Sorties
Crédit photo : Geneviève Jetté
Je suis allée au concert de Tyler, the Creator. Un rappeur californien aux tendances immatures, dont ses déclarations vulgaires l’ont classé en marge des autres auteurs-compositeurs-interprètes du même genre musical. Pour moi, il représente le rap du futur. Je vous dirais qu’au moment de rentrer dans la salle de concert, je n’étais plus certaine de vouloir participer toute seule à la jungle-futuriste-au-style-hipster-anciennement-skater avec mes sandales dorées et mon one-piece H&M. Pourtant, ce n’était même pas les animaux du parterre qui m’effrayaient.
J’ai acheté mon billet sur un coup de tête. Mon «YOLO en mode SOLO» a pris le dessus. Qu’est-ce que je faisais ici toute seule? Ce n’était pas le «ici» qui me dérangeait, mais bien le «toute seule». Pourquoi avons-nous si peur de la solitude dans une foule?
Il y a la question de la sécurité.
Si je me cassais le funny bone pendant une performance enflammée dans un mosh pit (déf: danse violente contrôlée), j’apprécierais pleurer de douleur dans les bras d’un(e) ami(e). Il y a aussi une question de gêne. Quand ta chanson préférée casse les haut-parleurs, c’est comme lorsqu’elle joue dans un bar. Tu cries que c’est ta toune et tu te la joues Céline à Vegas. Par contre, j’étais seule à échauffer mes cordes vocales au concert.

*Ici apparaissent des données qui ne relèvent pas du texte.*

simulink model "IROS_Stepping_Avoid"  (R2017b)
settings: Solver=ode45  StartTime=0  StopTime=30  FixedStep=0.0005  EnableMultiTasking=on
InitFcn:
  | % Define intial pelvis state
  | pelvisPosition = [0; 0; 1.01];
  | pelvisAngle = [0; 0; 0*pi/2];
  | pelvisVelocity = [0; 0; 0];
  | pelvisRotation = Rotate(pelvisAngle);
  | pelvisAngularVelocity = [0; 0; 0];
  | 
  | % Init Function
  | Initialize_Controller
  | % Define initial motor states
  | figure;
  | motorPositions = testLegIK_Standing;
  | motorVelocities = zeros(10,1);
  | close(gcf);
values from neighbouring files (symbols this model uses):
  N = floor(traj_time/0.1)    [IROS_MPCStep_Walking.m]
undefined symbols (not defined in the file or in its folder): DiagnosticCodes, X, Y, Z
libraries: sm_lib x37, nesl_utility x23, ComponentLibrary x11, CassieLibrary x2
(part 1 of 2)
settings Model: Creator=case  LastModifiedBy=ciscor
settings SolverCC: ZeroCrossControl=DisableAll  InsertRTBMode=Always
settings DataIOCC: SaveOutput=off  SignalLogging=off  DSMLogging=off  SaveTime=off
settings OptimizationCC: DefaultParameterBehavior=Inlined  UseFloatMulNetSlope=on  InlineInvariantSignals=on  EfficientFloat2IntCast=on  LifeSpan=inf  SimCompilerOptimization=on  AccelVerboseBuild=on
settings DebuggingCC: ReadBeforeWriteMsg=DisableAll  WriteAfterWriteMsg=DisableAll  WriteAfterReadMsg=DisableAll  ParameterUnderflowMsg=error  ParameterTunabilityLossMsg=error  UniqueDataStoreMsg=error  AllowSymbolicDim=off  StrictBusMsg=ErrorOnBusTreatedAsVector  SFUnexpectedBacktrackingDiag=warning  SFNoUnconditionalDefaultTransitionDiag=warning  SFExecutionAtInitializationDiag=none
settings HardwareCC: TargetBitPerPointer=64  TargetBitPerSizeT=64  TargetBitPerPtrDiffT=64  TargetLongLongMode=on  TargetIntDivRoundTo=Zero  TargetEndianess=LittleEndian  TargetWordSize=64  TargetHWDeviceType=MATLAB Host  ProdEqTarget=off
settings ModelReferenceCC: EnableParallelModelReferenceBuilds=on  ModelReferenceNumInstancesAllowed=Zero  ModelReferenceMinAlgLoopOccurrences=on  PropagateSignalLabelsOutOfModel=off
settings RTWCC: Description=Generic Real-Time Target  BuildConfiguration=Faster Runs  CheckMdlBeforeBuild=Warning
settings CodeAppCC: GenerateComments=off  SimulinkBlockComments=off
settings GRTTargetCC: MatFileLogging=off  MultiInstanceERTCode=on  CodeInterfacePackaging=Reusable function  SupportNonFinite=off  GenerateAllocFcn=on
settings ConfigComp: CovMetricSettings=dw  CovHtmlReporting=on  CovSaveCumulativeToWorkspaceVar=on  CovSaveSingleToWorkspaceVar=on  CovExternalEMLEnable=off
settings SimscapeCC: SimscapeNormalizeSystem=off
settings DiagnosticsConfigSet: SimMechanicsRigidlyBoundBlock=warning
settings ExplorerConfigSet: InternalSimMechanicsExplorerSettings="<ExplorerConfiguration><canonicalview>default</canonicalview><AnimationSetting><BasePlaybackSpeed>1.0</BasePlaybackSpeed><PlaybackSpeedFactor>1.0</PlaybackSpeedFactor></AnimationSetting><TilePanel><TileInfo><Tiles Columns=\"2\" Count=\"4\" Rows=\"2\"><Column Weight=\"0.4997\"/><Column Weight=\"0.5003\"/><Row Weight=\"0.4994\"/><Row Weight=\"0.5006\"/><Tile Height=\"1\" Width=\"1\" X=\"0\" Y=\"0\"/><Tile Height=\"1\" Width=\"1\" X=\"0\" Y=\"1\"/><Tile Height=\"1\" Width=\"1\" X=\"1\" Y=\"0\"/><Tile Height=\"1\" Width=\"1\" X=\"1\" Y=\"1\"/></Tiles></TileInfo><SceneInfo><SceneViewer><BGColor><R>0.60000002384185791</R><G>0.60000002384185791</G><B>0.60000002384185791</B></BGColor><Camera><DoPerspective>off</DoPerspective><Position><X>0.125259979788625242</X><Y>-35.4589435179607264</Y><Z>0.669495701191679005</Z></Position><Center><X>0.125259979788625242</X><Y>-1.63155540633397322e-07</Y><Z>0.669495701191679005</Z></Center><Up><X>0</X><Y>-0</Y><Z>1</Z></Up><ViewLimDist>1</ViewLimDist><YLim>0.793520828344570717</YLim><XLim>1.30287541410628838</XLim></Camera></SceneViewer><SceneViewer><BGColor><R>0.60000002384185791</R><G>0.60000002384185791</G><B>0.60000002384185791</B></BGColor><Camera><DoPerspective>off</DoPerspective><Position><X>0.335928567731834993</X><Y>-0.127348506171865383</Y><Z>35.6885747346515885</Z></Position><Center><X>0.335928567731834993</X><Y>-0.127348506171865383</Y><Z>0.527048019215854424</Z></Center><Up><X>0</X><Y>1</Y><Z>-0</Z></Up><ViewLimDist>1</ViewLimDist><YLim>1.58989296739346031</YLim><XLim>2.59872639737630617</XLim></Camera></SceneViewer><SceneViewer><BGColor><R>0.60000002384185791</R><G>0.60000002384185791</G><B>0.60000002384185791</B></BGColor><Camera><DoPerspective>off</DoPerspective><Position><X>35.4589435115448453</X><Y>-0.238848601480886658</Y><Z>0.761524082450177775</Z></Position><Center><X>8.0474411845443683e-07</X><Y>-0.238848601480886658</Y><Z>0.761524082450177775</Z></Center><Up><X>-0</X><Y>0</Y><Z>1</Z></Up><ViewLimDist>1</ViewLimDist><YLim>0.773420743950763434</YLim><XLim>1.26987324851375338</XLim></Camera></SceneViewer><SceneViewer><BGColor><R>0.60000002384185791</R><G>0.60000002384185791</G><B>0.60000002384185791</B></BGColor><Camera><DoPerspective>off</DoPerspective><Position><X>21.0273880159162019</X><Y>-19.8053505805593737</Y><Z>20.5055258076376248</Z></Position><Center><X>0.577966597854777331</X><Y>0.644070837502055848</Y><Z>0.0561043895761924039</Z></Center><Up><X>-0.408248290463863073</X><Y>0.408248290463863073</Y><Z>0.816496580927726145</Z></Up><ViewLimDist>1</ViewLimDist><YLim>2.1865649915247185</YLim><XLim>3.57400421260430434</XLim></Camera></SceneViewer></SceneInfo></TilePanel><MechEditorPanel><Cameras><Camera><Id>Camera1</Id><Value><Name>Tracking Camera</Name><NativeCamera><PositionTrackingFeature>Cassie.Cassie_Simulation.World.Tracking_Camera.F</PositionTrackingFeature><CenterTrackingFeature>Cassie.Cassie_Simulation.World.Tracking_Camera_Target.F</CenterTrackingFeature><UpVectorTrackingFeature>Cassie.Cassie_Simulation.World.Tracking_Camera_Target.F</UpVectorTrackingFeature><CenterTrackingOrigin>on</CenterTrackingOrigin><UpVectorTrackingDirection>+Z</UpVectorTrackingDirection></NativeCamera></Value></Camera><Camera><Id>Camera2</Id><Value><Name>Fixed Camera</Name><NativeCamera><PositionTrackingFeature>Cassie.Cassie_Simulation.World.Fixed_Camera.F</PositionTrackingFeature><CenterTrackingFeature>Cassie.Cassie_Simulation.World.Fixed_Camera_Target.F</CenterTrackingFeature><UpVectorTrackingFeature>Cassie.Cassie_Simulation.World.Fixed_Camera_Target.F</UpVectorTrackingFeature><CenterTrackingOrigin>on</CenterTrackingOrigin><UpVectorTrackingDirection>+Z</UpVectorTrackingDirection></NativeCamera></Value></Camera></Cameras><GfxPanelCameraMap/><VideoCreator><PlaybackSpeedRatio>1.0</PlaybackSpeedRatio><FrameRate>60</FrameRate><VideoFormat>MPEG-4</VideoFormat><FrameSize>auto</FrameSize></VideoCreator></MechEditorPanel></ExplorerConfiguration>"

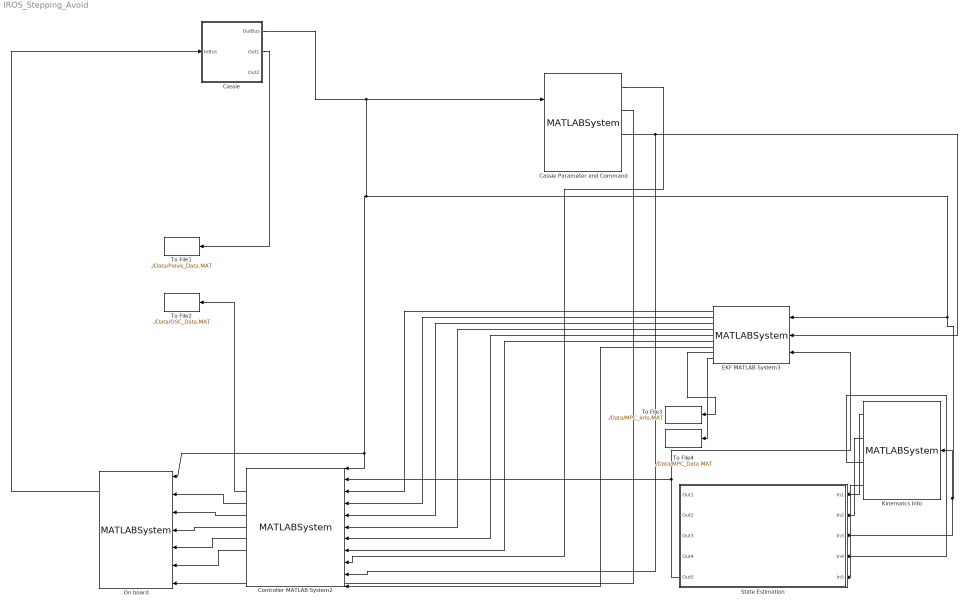
== system IROS_Stepping_Avoid ==
  Cassie : Subsystem  AncestorBlock=CassieLibrary/Simulation/Cassie  InitFcn=|  StartFcn=|  StopFcn=|
      InitFcn=|
      | % Start clock at initialization (used for computing real time performance)
      | initTime = tic;
      | 
      | % Import bus definitions
      | CassieModule.importBuses;
      StartFcn=|
      | % Store build time
      | buildTime = toc(initTime);
      StopFcn=|
      | % Store computation time
      | computationTime = toc(initTime) - buildTime;
      | 
      | % Get simulation time
      | simulationTime = get_param(bdroot, 'SimulationTime');
      | 
      | % Compute real time performance
      | percentRealTime = 100*simulationTime/computationTime;
      | 
      | % Display
      | fprintf('Build time: %0.2f seconds \n', buildTime);
      | fprintf('Simulation time: %0.2f seconds \n', simulationTime);
      | fprintf('Computation time: %0.2f seconds \n', computationTime);
      | fprintf('Performance: %0.2f%% real time \n', percentRealTime);
      mask Display: image('Cassie.png');
  Cassie Parameter and Command : MATLABSystem  System=Cassie_SSDS_Param  is_sim=1  is_IK=0  SimulateUsing=Code generation
      mask Type: Cassie_SSDS_Param
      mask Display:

Je me demandais si j’allais supporter ma solitude adéquatement. Que je n’allais pas trouver le concert ennuyant, que j’allais aimer me déchaîner tout en restant low profile le plus possible. Je dois dire que l’attente avant la première partie était plutôt pénible. Je voulais garder mes batteries de cellulaire pour prendre des photos et vidéos de Monsieur the Creator. Je ne pouvais pas avoir les yeux rivés sur ma technologie pendant tout ce temps.
J’ai pratiqué une activité qu’on ne fait plus: j’ai regardé les gens.
J’observais le monde qui parlait. Le monde qui n’était pas ajeun. Le monde qui s’apprêtait à ne plus être à jeun. Parce que selon eux, ce n’est pas amusant d’assister à un concert sans sa gang et encore moins sans avoir ingurgité des substances illicites a priori. Je n’étais pas accompagnée et je n’avais même pas une bière-trop-chère entre les mains. Dios Mios, comment allais-je survivre jusqu’à la fin du concert?
The Simple Life
Le concert a enfin commencé. Tous les scénarios de «moi trop mal à l’aise en solitaire» que je m’étais construit dans ma tête étaient complètement erronés. Je m’imaginais regretter mon achat et retourner frustrée d’avoir gaspillé une somme qui aurait pu être investie ailleurs. Mes impressions fictives étaient entièrement fausses.
Je n’ai jamais autant apprécié un concert.
Je me suis retrouvée à crier comme une dévergondée et à me fondre dans le moule esthétique de la foule (chose que je ne croyais pas faisable avec mon une pièce trop swell). Je faisais partie de la gang peu importe mon habillement, peu importe mon taux d’alcool ou de drogue dans le sang.
Tyler s’est effectué, fidèle à sa vulgarité. Les barrières de la gêne sont tombées et mes doigts honoraient bien les paroles explicites du rappeur. J’ai poussé des jocks dans le mosh pit (j’ne fais pas les choses à moitié quand «j’vire sur l’top») et je me suis époumonée à sa dernière chanson, qui était aussi ma préférée. J’ai dépensé de l’énergie pour quinze même si je n’étais pas entourée de quatorze autres individus.
J’ai vécu le moment de manière simple. Tellement simple, que je n’étais pas accoutrée en conséquence et n’avais encore moins de substances toxiques pour venir «enjoliver» mon moment présent. Je ne suis pas Paris ni Nicole et encore moins fo-folle. J’ai seulement constaté qu’il est possible d’avoir du plaisir seul(e) dans une foule (ou dans une jungle).
Et je ne pense pas être seule à le penser.